(Dataset records)
* * *
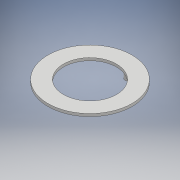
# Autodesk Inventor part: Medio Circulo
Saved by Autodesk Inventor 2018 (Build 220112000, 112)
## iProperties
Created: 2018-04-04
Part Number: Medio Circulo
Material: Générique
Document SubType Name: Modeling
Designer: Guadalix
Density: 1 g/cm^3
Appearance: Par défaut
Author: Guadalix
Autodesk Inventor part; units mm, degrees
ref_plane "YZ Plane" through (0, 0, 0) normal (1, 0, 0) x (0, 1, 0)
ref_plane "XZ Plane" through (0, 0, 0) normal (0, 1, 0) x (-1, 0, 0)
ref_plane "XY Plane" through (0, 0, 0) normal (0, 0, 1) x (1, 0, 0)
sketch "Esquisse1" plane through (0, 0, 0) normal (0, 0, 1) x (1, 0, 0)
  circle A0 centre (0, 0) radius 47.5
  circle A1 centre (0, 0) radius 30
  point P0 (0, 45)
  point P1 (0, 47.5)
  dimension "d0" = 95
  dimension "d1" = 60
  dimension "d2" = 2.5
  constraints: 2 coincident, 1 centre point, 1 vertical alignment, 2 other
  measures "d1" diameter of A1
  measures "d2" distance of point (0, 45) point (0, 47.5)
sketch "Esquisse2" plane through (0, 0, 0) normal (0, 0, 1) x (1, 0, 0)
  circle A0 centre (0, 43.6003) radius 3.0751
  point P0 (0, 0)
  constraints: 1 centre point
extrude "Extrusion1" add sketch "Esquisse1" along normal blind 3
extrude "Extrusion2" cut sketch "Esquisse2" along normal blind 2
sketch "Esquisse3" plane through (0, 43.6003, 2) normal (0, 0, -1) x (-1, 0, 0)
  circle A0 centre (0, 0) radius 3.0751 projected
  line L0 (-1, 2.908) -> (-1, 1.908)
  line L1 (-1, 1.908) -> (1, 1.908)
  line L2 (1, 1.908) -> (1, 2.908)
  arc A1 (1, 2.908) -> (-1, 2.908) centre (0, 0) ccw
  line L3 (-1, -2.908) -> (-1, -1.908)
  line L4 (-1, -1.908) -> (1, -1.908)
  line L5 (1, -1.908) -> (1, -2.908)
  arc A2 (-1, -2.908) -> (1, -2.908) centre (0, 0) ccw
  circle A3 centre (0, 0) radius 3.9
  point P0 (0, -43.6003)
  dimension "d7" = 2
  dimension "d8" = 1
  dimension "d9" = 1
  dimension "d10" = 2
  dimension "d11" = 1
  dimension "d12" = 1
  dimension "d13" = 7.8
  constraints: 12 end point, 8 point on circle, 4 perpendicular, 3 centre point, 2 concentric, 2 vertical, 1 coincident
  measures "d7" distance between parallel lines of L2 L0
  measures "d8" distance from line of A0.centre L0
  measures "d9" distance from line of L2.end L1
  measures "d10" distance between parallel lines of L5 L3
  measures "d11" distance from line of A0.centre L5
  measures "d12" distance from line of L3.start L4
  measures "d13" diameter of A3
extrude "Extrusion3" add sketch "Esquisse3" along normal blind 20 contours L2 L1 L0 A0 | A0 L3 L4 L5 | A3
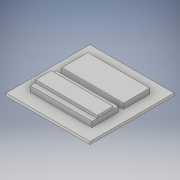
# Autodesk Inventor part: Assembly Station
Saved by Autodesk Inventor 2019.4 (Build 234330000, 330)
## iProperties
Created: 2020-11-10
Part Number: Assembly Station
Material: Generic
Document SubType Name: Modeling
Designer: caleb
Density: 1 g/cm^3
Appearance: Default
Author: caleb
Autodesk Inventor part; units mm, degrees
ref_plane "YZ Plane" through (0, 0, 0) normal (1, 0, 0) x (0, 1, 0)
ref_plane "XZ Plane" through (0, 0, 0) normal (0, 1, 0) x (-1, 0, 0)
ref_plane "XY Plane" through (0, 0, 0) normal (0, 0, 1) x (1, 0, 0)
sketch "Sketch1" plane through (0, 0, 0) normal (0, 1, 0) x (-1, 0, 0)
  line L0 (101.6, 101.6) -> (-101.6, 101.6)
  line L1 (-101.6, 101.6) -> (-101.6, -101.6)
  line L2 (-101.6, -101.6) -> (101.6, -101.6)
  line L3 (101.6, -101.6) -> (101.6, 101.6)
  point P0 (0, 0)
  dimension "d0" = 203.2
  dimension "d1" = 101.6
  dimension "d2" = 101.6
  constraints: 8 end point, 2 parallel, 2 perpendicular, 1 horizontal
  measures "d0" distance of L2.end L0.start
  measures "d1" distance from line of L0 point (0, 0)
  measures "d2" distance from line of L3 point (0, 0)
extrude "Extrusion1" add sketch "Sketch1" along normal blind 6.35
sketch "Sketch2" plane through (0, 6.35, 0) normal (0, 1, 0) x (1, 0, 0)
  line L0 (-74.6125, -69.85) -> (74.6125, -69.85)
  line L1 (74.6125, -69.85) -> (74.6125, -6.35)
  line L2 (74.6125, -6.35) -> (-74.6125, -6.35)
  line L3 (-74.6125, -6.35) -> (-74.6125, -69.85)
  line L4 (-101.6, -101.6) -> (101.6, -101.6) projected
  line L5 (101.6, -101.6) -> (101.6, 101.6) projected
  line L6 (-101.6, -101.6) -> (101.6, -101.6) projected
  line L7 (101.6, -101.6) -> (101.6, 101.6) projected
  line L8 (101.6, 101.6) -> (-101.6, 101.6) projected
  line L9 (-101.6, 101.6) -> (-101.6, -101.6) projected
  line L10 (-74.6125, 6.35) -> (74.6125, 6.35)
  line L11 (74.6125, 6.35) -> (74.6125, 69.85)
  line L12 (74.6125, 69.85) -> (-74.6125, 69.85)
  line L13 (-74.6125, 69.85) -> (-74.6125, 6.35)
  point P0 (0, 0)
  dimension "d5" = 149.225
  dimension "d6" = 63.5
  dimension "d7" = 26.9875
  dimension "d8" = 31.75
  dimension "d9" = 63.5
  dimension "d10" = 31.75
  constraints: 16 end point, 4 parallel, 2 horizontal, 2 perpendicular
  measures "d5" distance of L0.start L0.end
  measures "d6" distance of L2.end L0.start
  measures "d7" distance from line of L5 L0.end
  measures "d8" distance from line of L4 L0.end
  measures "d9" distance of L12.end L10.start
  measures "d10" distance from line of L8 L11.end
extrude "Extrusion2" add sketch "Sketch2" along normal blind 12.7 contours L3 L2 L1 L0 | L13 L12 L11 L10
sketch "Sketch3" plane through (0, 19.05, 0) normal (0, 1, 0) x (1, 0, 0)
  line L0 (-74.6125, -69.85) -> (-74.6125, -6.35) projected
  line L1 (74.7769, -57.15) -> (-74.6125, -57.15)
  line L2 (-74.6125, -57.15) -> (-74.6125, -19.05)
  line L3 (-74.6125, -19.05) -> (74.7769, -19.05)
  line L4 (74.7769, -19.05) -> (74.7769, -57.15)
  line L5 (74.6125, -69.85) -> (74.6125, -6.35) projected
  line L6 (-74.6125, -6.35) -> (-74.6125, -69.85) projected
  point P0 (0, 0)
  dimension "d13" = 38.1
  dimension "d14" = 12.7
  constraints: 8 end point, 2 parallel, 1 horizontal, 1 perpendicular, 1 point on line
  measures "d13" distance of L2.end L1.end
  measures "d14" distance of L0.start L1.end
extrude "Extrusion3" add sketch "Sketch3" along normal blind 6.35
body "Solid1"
* * *
Copy out the entries verbatim, but skip every picture.

* [Response box]:
# Autodesk Inventor part: Medio Circulo
Saved by Autodesk Inventor 2018 (Build 220112000, 112)
## iProperties
Created: 2018-04-04
Part Number: Medio Circulo
Material: Générique
Document SubType Name: Modeling
Designer: Guadalix
Density: 1 g/cm^3
Appearance: Par défaut
Author: Guadalix
Autodesk Inventor part; units mm, degrees
ref_plane "YZ Plane" through (0, 0, 0) normal (1, 0, 0) x (0, 1, 0)
ref_plane "XZ Plane" through (0, 0, 0) normal (0, 1, 0) x (-1, 0, 0)
ref_plane "XY Plane" through (0, 0, 0) normal (0, 0, 1) x (1, 0, 0)
sketch "Esquisse1" plane through (0, 0, 0) normal (0, 0, 1) x (1, 0, 0)
  circle A0 centre (0, 0) radius 47.5
  circle A1 centre (0, 0) radius 30
  point P0 (0, 45)
  point P1 (0, 47.5)
  dimension "d0" = 95
  dimension "d1" = 60
  dimension "d2" = 2.5
  constraints: 2 coincident, 1 centre point, 1 vertical alignment, 2 other
  measures "d1" diameter of A1
  measures "d2" distance of point (0, 45) point (0, 47.5)
sketch "Esquisse2" plane through (0, 0, 0) normal (0, 0, 1) x (1, 0, 0)
  circle A0 centre (0, 43.6003) radius 3.0751
  point P0 (0, 0)
  constraints: 1 centre point
extrude "Extrusion1" add sketch "Esquisse1" along normal blind 3
extrude "Extrusion2" cut sketch "Esquisse2" along normal blind 2
sketch "Esquisse3" plane through (0, 43.6003, 2) normal (0, 0, -1) x (-1, 0, 0)
  circle A0 centre (0, 0) radius 3.0751 projected
  line L0 (-1, 2.908) -> (-1, 1.908)
  line L1 (-1, 1.908) -> (1, 1.908)
  line L2 (1, 1.908) -> (1, 2.908)
  arc A1 (1, 2.908) -> (-1, 2.908) centre (0, 0) ccw
  line L3 (-1, -2.908) -> (-1, -1.908)
  line L4 (-1, -1.908) -> (1, -1.908)
  line L5 (1, -1.908) -> (1, -2.908)
  arc A2 (-1, -2.908) -> (1, -2.908) centre (0, 0) ccw
  circle A3 centre (0, 0) radius 3.9
  point P0 (0, -43.6003)
  dimension "d7" = 2
  dimension "d8" = 1
  dimension "d9" = 1
  dimension "d10" = 2
  dimension "d11" = 1
  dimension "d12" = 1
  dimension "d13" = 7.8
  constraints: 12 end point, 8 point on circle, 4 perpendicular, 3 centre point, 2 concentric, 2 vertical, 1 coincident
  measures "d7" distance between parallel lines of L2 L0
  measures "d8" distance from line of A0.centre L0
  measures "d9" distance from line of L2.end L1
  measures "d10" distance between parallel lines of L5 L3
  measures "d11" distance from line of A0.centre L5
  measures "d12" distance from line of L3.start L4
  measures "d13" diameter of A3
extrude "Extrusion3" add sketch "Esquisse3" along normal blind 20 contours L2 L1 L0 A0 | A0 L3 L4 L5 | A3
# Autodesk Inventor part: Assembly Station
Saved by Autodesk Inventor 2019.4 (Build 234330000, 330)
## iProperties
Created: 2020-11-10
Part Number: Assembly Station
Material: Generic
Document SubType Name: Modeling
Designer: caleb
Density: 1 g/cm^3
Appearance: Default
Author: caleb
Autodesk Inventor part; units mm, degrees
ref_plane "YZ Plane" through (0, 0, 0) normal (1, 0, 0) x (0, 1, 0)
ref_plane "XZ Plane" through (0, 0, 0) normal (0, 1, 0) x (-1, 0, 0)
ref_plane "XY Plane" through (0, 0, 0) normal (0, 0, 1) x (1, 0, 0)
sketch "Sketch1" plane through (0, 0, 0) normal (0, 1, 0) x (-1, 0, 0)
  line L0 (101.6, 101.6) -> (-101.6, 101.6)
  line L1 (-101.6, 101.6) -> (-101.6, -101.6)
  line L2 (-101.6, -101.6) -> (101.6, -101.6)
  line L3 (101.6, -101.6) -> (101.6, 101.6)
  point P0 (0, 0)
  dimension "d0" = 203.2
  dimension "d1" = 101.6
  dimension "d2" = 101.6
  constraints: 8 end point, 2 parallel, 2 perpendicular, 1 horizontal
  measures "d0" distance of L2.end L0.start
  measures "d1" distance from line of L0 point (0, 0)
  measures "d2" distance from line of L3 point (0, 0)
extrude "Extrusion1" add sketch "Sketch1" along normal blind 6.35
sketch "Sketch2" plane through (0, 6.35, 0) normal (0, 1, 0) x (1, 0, 0)
  line L0 (-74.6125, -69.85) -> (74.6125, -69.85)
  line L1 (74.6125, -69.85) -> (74.6125, -6.35)
  line L2 (74.6125, -6.35) -> (-74.6125, -6.35)
  line L3 (-74.6125, -6.35) -> (-74.6125, -69.85)
  line L4 (-101.6, -101.6) -> (101.6, -101.6) projected
  line L5 (101.6, -101.6) -> (101.6, 101.6) projected
  line L6 (-101.6, -101.6) -> (101.6, -101.6) projected
  line L7 (101.6, -101.6) -> (101.6, 101.6) projected
  line L8 (101.6, 101.6) -> (-101.6, 101.6) projected
  line L9 (-101.6, 101.6) -> (-101.6, -101.6) projected
  line L10 (-74.6125, 6.35) -> (74.6125, 6.35)
  line L11 (74.6125, 6.35) -> (74.6125, 69.85)
  line L12 (74.6125, 69.85) -> (-74.6125, 69.85)
  line L13 (-74.6125, 69.85) -> (-74.6125, 6.35)
  point P0 (0, 0)
  dimension "d5" = 149.225
  dimension "d6" = 63.5
  dimension "d7" = 26.9875
  dimension "d8" = 31.75
  dimension "d9" = 63.5
  dimension "d10" = 31.75
  constraints: 16 end point, 4 parallel, 2 horizontal, 2 perpendicular
  measures "d5" distance of L0.start L0.end
  measures "d6" distance of L2.end L0.start
  measures "d7" distance from line of L5 L0.end
  measures "d8" distance from line of L4 L0.end
  measures "d9" distance of L12.end L10.start
  measures "d10" distance from line of L8 L11.end
extrude "Extrusion2" add sketch "Sketch2" along normal blind 12.7 contours L3 L2 L1 L0 | L13 L12 L11 L10
sketch "Sketch3" plane through (0, 19.05, 0) normal (0, 1, 0) x (1, 0, 0)
  line L0 (-74.6125, -69.85) -> (-74.6125, -6.35) projected
  line L1 (74.7769, -57.15) -> (-74.6125, -57.15)
  line L2 (-74.6125, -57.15) -> (-74.6125, -19.05)
  line L3 (-74.6125, -19.05) -> (74.7769, -19.05)
  line L4 (74.7769, -19.05) -> (74.7769, -57.15)
  line L5 (74.6125, -69.85) -> (74.6125, -6.35) projected
  line L6 (-74.6125, -6.35) -> (-74.6125, -69.85) projected
  point P0 (0, 0)
  dimension "d13" = 38.1
  dimension "d14" = 12.7
  constraints: 8 end point, 2 parallel, 1 horizontal, 1 perpendicular, 1 point on line
  measures "d13" distance of L2.end L1.end
  measures "d14" distance of L0.start L1.end
extrude "Extrusion3" add sketch "Sketch3" along normal blind 6.35
body "Solid1"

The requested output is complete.